Lockett's early work was meticulously planned and executed. He often joked that he stared at his work more than he worked on it. The Souls Grown Deep Foundation provides a succinct analysis of Lockett's early work in their biography of the artist: "Despite the stylistic influences of the Western painting tradition, his art could hardly be more vernacular, for in at least five crucial ways he reconfigured traditional African American beliefs and practices. First, he used animals as the protagonists in his allegories in a manner that recontextualizes but is consistent with the roles of animals in nineteenth-century trickster tales and fables. Second, he used African American conjurational materials—blackness, rust, wire, poison, smoke—as the theme or physical medium for his works. Third, his preoccupation with instances of psychological transformation reflected a broadly vernacular emphasis on cathartic and ecstatic religious and performance rituals. Fourth, he was intensely concerned with eschatology—last or final things: a foundation of Afro-Christian theology. Fifth, he partook of the hermeneutic approaches of the root sculptor or the preacher, both of which seek prophetic signs in the found nature of a text—whether that text be the earth or the Bible—as a starting point for the communication of wisdom to others."When Lockett developed HIV, his outlook changed along with his practice. Instead of painting overt symbolism, he began to mold rusted tin from the side of Thornton Dial's storage sheds into 2 dimensional collages. His renderings of life became movements and waves portrayed through rust and decay.

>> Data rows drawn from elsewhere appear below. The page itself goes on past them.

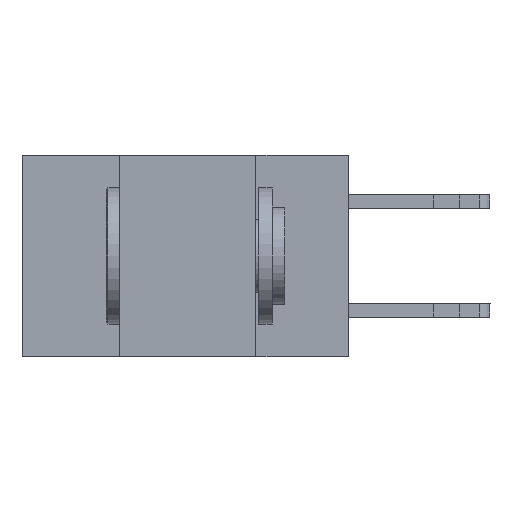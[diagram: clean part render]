
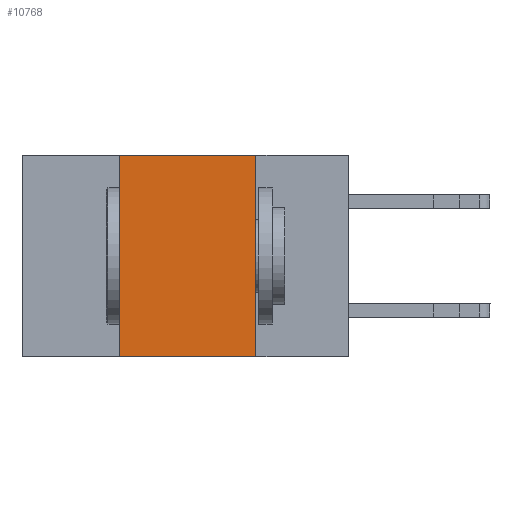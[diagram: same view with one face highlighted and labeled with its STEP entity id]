
A CAD part, left-side view. The second image highlights one B-rep face of the part: STEP entity #10768.
In plain terms, the highlighted planar face has unit normal (-1, 0, 0).
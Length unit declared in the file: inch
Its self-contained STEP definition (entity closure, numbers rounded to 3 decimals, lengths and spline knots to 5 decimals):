
#157 = CARTESIAN_POINT ( 'NONE',  ( 0., 0.17, 0. ) ) ;
#823 = ORIENTED_EDGE ( 'NONE', *, *, #4347, .F. ) ;
#1360 = VECTOR ( 'NONE', #16880, 39.37008 ) ;
#1807 = LINE ( 'NONE', #16765, #1360 ) ;
#2599 = VERTEX_POINT ( 'NONE', #16502 ) ;
#3840 = DIRECTION ( 'NONE',  ( 0., 0., 1. ) ) ;
#4347 = EDGE_CURVE ( 'NONE', #12258, #14046, #13016, .T. ) ;
#5054 = FACE_OUTER_BOUND ( 'NONE', #13512, .T. ) ;
#5196 = DIRECTION ( 'NONE',  ( 0., -1., 0. ) ) ;
#5424 = PLANE ( 'NONE',  #15999 ) ;
#5717 = ORIENTED_EDGE ( 'NONE', *, *, #11972, .F. ) ;
#6103 = VERTEX_POINT ( 'NONE', #15860 ) ;
#6353 = LINE ( 'NONE', #11995, #13585 ) ;
#6492 = LINE ( 'NONE', #17116, #13305 ) ;
#6730 = DIRECTION ( 'NONE',  ( 1., 0., 0. ) ) ;
#6856 = ORIENTED_EDGE ( 'NONE', *, *, #9202, .F. ) ;
#7353 = EDGE_CURVE ( 'NONE', #6103, #14046, #1807, .T. ) ;
#7441 = ORIENTED_EDGE ( 'NONE', *, *, #7353, .T. ) ;
#8948 = VECTOR ( 'NONE', #14555, 39.37008 ) ;
#9202 = EDGE_CURVE ( 'NONE', #6103, #2599, #6353, .T. ) ;
#10768 = ADVANCED_FACE ( 'NONE', ( #5054 ), #5424, .F. ) ;
#11972 = EDGE_CURVE ( 'NONE', #2599, #12258, #6492, .T. ) ;
#11995 = CARTESIAN_POINT ( 'NONE',  ( 0., 0.42, -0.37 ) ) ;
#12258 = VERTEX_POINT ( 'NONE', #157 ) ;
#12301 = CARTESIAN_POINT ( 'NONE',  ( 0., 0.17, -0.37 ) ) ;
#13016 = LINE ( 'NONE', #15164, #8948 ) ;
#13305 = VECTOR ( 'NONE', #5196, 39.37008 ) ;
#13512 = EDGE_LOOP ( 'NONE', ( #823, #5717, #6856, #7441 ) ) ;
#13525 = CARTESIAN_POINT ( 'NONE',  ( 0., 0.6, 0. ) ) ;
#13585 = VECTOR ( 'NONE', #3840, 39.37008 ) ;
#14046 = VERTEX_POINT ( 'NONE', #12301 ) ;
#14555 = DIRECTION ( 'NONE',  ( 0., 0., -1. ) ) ;
#15164 = CARTESIAN_POINT ( 'NONE',  ( 0., 0.17, -0.37 ) ) ;
#15860 = CARTESIAN_POINT ( 'NONE',  ( 0., 0.42, -0.37 ) ) ;
#15999 = AXIS2_PLACEMENT_3D ( 'NONE', #13525, #6730, #16100 ) ;
#16100 = DIRECTION ( 'NONE',  ( 0., 0., -1. ) ) ;
#16502 = CARTESIAN_POINT ( 'NONE',  ( 0., 0.42, 0. ) ) ;
#16765 = CARTESIAN_POINT ( 'NONE',  ( 0., 0.6, -0.37 ) ) ;
#16880 = DIRECTION ( 'NONE',  ( 0., -1., 0. ) ) ;
#17116 = CARTESIAN_POINT ( 'NONE',  ( 0., 0.6, 0. ) ) ;

As his mother became more reclusive, and his HIV caused him to contract other illnesses easily, his work shifted again to multi-media collage. Following in his mother's (and his ancestors') practice of patch-work quilting, he began to collage various materials creating stiff, decaying, quilt patterns. His last few works were delicate, dark paintings reminiscing on the death of his mother and Princess Diana.

Lockett died in 1998 of HIV related pneumonia.

== Select collections ==

- Metropolitan Museum of Art
- Minneapolis Institute of Art

==Relevant literature==
- Arnett, Paul. 2016. Passing the Buck: The Educations of Ronald Lockett. In Bernard L. Herman, editor, Fever Within: The Art of Ronald Lockett, 61–74. Chapel Hill: University of North Carolina Press.
- Ebony, David. "RONALD LOCKETT." Art in America 104, no. 10 (2016): 150-150.
- Herman, Bernard L., ed. Fever Within: The Art of Ronald Lockett. UNC Press Books, 2016.
- Jentleson, Katherine L. and Thomas J. Lax. 2016. Curating Lockett: An Exhibition History in Two Acts. In Bernard L. Herman, editor, Fever Within: The Art of Ronald Lockett, 45–60. Chapel Hill: University of North Carolina Press.
- McGriff, Meredith. 2017. Review of Fever Within: The Art of Ronald Lockett. Journal of Folklore Research http://www.jfr.indiana.edu/review.php?id=2061 .
- Rhodes, Colin. 2016. Cross-Cultural Tendencies, Intellectual Echoes, and the Intersections of Practice Change. In Bernard L. Herman, editor, Fever Within: The Art of Ronald Lockett, 23–32. Chapel Hill: University of North Carolina Press.